O sobrenadante foi transferido para um novo tubo falcon onde foi adicionado 1 volume de clorofórmio:álcool isoamílico (24:1, v/v), que permaneceu em agitação suave por 5 minutos. A emulsão foi novamente centrifugada. Após a centrifugação a fase aquosa foi coletada e transferida para um novo tubo de fundo cônico e foi adicionada a esta 0,3 volumes de isopropanol. O tubo foi invertido gentilmente e incubado no freezer -20 °C por 30 minutos.

A mistura foi centrifugada para a precipitação do DNA genômico por 10 minutos, a 10.000 x g. O sobrenadante foi descartado e o precipitado lavado com 1 mL de etanol 70%. O DNA foi recolhido e transferido para um microtubo e foi realizada outra centrifugação por 10 minutos, a 10.000 x g e a 4°C. O sobrenadante foi descartado e o tubo foi mantido aberto à temperatura ambiente até total evaporação do álcool. O DNA isolado foi ressuspendido em 50 μL de água ultrapura estéril e estocado em geladeira a 4 °C.
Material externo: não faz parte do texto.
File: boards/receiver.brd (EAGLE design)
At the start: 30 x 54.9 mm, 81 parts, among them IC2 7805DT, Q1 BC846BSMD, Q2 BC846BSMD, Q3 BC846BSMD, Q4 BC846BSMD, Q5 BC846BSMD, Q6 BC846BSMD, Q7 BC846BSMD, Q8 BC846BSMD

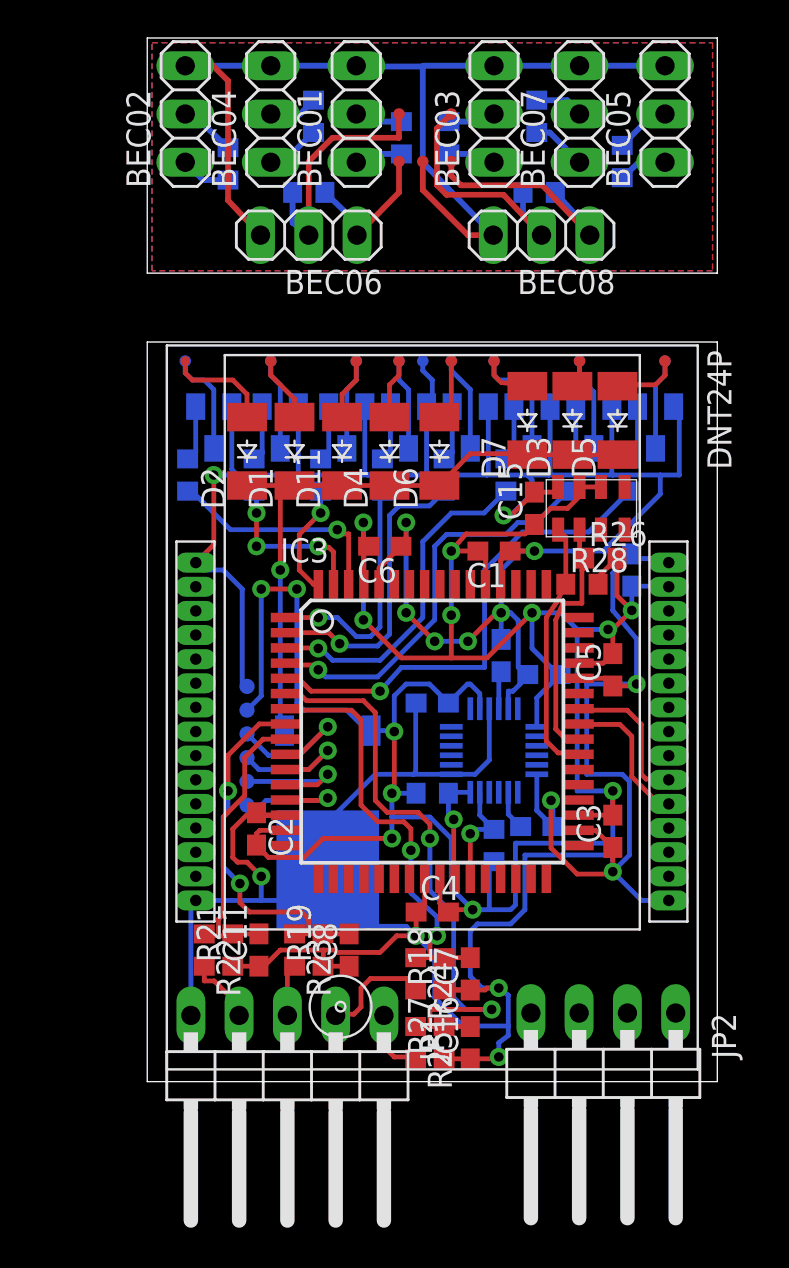
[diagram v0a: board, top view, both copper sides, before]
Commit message: Layout changes, all connections are routed now
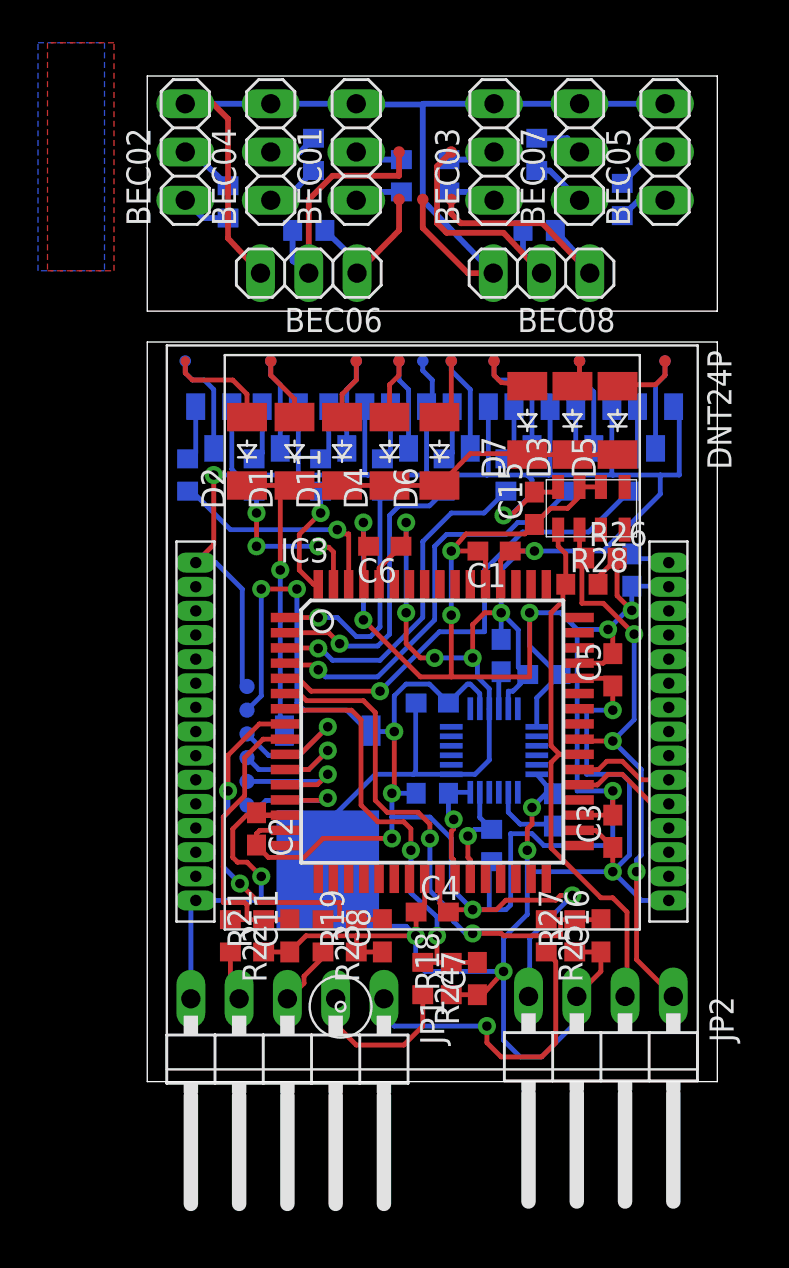
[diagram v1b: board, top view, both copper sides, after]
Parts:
- moved C16 8.88 mm to (24.9, 8.75)
- moved R25 8.88 mm to (22.0, 8.75)
- moved R27 8.88 mm to (23.5, 8.75)
- moved BEC01 2.00 mm to (12.0, 50.0)
- moved BEC02 2.00 mm to (3.00, 50.0)
- moved BEC03 2.00 mm to (19.2, 50.0)
- moved BEC04 2.00 mm to (7.50, 50.0)
- moved BEC05 2.00 mm to (28.2, 50.0)
- moved BEC06 2.00 mm to (9.50, 43.6)
- moved BEC07 2.00 mm to (23.8, 50.0)
- moved BEC08 2.00 mm to (21.8, 43.6)
- moved R10 2.00 mm to (26.0, 47.5)
- moved R12 2.00 mm to (9.50, 45.9)
- moved R14 2.00 mm to (21.5, 49.9)
- moved R16 2.00 mm to (21.6, 45.9)
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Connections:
- net +3V3: now also JP2.4
- net GND: now also JP2.3
- net N$33: now also IC3.37; no longer IC3.41
- net N$36: now also IC3.38; no longer IC3.42
- net N$46: now also JP2.2
- net N$47: now also JP2.1
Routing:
- net N$47: track 13.7 -> 30.7 mm, vias 0 -> 3
- net +3V3: track 149.3 -> 165.5 mm, vias 14 -> 15
- net N$46: track 13.6 -> 29.3 mm
- net GND: track 323.0 -> 308.9 mm
- net N$50: track 3.58 -> 16.6 mm, vias 0 -> 1
- net PB0: track 32.1 -> 28.5 mm
- net N$36: track 7.77 -> 5.28 mm
- net N$33: track 7.68 -> 5.58 mm
- net N$35: track 2.23 -> 4.24 mm
- net N$42: track 6.55 -> 8.45 mm
- net PB3: track 15.4 -> 16.9 mm
- net N$27: track 25.8 -> 24.7 mm
- net PB2: track 19.5 -> 20.6 mm
- net N$44: track 3.66 -> 2.66 mm
- net N$43: track 2.75 -> 3.61 mm
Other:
- board size 30 x 54.9 mm -> 30 x 52.9 mm

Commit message: rerouted some wires
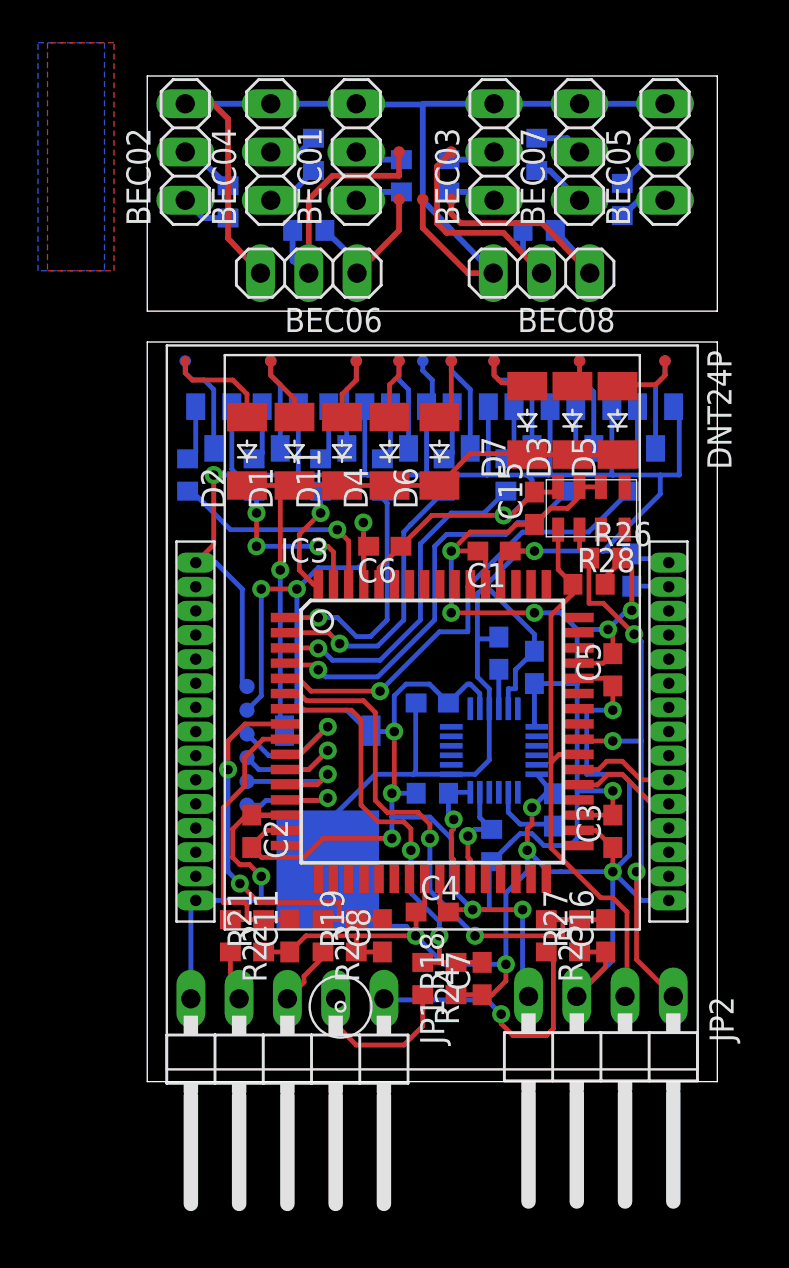
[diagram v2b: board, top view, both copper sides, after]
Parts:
- moved C14 0.62 mm to (21.4, 22.9), turned to 270 degrees
- moved R28 0.38 mm to (24.2, 27.2)
- moved C2 0.28 mm to (6.50, 14.2)
- moved C16 0.25 mm to (25.1, 8.75)
- moved C7 0.25 mm to (18.6, 6.50)
- moved R18 0.25 mm to (17.2, 6.50)
- moved R26 0.25 mm to (25.1, 28.6)
- moved R27 0.25 mm to (23.8, 8.75)
- moved C13 0.18 mm to (19.5, 23.6)
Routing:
- net +3V3: track 165.5 -> 141.5 mm, vias 15 -> 14
- net GND: track 308.9 -> 302.5 mm, vias 15 -> 10
- net N$50: track 16.6 -> 14.3 mm
- net N$31: track 15.7 -> 14.8 mm
- net N$46: track 29.3 -> 29.8 mm
- net N$27: track 24.7 -> 24.2 mm

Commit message: Added some passives for the voltage regulator.
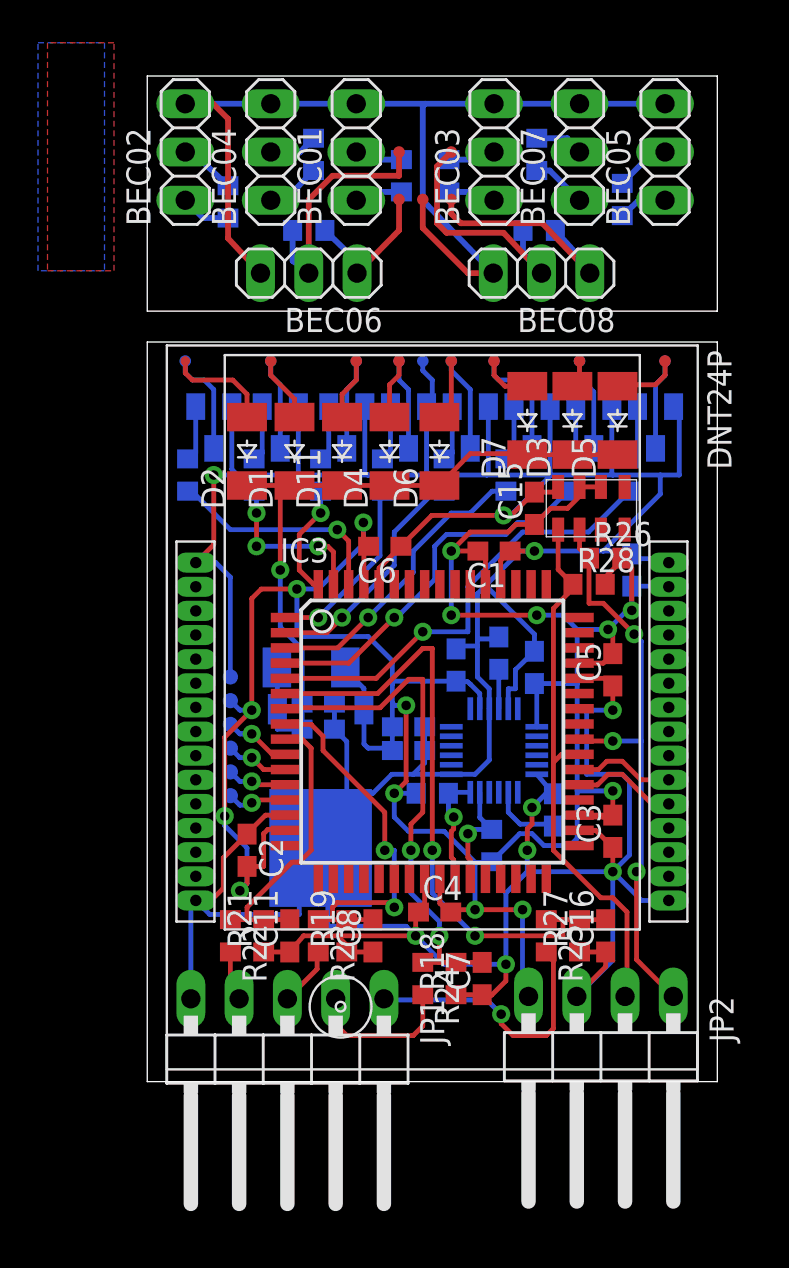
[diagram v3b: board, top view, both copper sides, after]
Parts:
- removed IC2: 7805DT, linear:TO252
- added C17, C19: 10µF, eagle-ltspice:C0603
- added C18, C21: 100nF, eagle-ltspice:C0603
- added D8: B 140 F, diode:SOD-123_MINI-SMA
- added IC1: 7805DT, linear:TO252
- C1, C11, C15, C16, C2, C3, C4, C5, C6, C7, C8, C9: value (none) -> 100nF
- C10: value (none) -> 2.2nF
- C12, C13: value (none) -> 0.1µF
- C14: value (none) -> 10nF
- IC3: value (none) -> XMEGA128a3u
- JP1: value (none) -> vSense
- JP2: value (none) -> i2c
- R1, R10, R11, R12, R13, R14, R15, R16, R17, R2, R20, R22, R23, R24, R25, R26, R28, R3, R4, R5, R6, R7, R8, R9: value (none) -> 10k
- R18, R19, R21, R27: value (none) -> 560
- moved C12 2.36 mm to (17.2, 23.0), turned to 270 degrees
- moved C2 1.03 mm to (6.25, 13.2)
- moved TP1 1.01 mm to (5.38, 17.4)
- moved TP2 1.01 mm to (5.38, 18.6)
- moved TP3 1.01 mm to (5.38, 19.9)
- moved TP4 1.01 mm to (5.38, 21.1)
- moved TP5 1.01 mm to (5.38, 22.4)
- moved TP7 1.01 mm to (5.38, 16.1)
- moved C8 0.50 mm to (12.9, 8.75)
- moved R19 0.50 mm to (11.5, 8.75)
- moved R23 0.25 mm to (10.0, 8.75)
- moved C4 0.12 mm to (16.1, 10.0)
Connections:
- removed net +3V3: C1.2, C12.2, C14.2, C15.1, C2.2, C3.2, C4.2, C5.2, C6.2, C9.2, IC2.2, IC3.15, IC3.25, IC3.35, IC3.45, IC3.53, IC3.61, JP2.4, R17.1, R20.1, R26.2, R28.2, TP4.TP, U$1.P14, U$2.P$2, U$2.P$3, U$3.P13, U$3.P8
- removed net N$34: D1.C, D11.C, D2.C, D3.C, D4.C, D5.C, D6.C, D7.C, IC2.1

O DNA extraído foi submetido à eletroforese em gel de agarose a 1% contendo 0,5 μg/mL de brometo de etídio (EtBr) para análise de sua integridade. A corrida eletroforética foi submetida a uma voltagem constante de 100 V, e o gel submerso em tampão de corrida TBE (Tris-Borato 0,09 mol/L, pH 8,8, contendo EDTA 0,002 mol/L). O DNA será visualizado através de exposição do gel à iluminação ultravioleta utilizando um transluminador.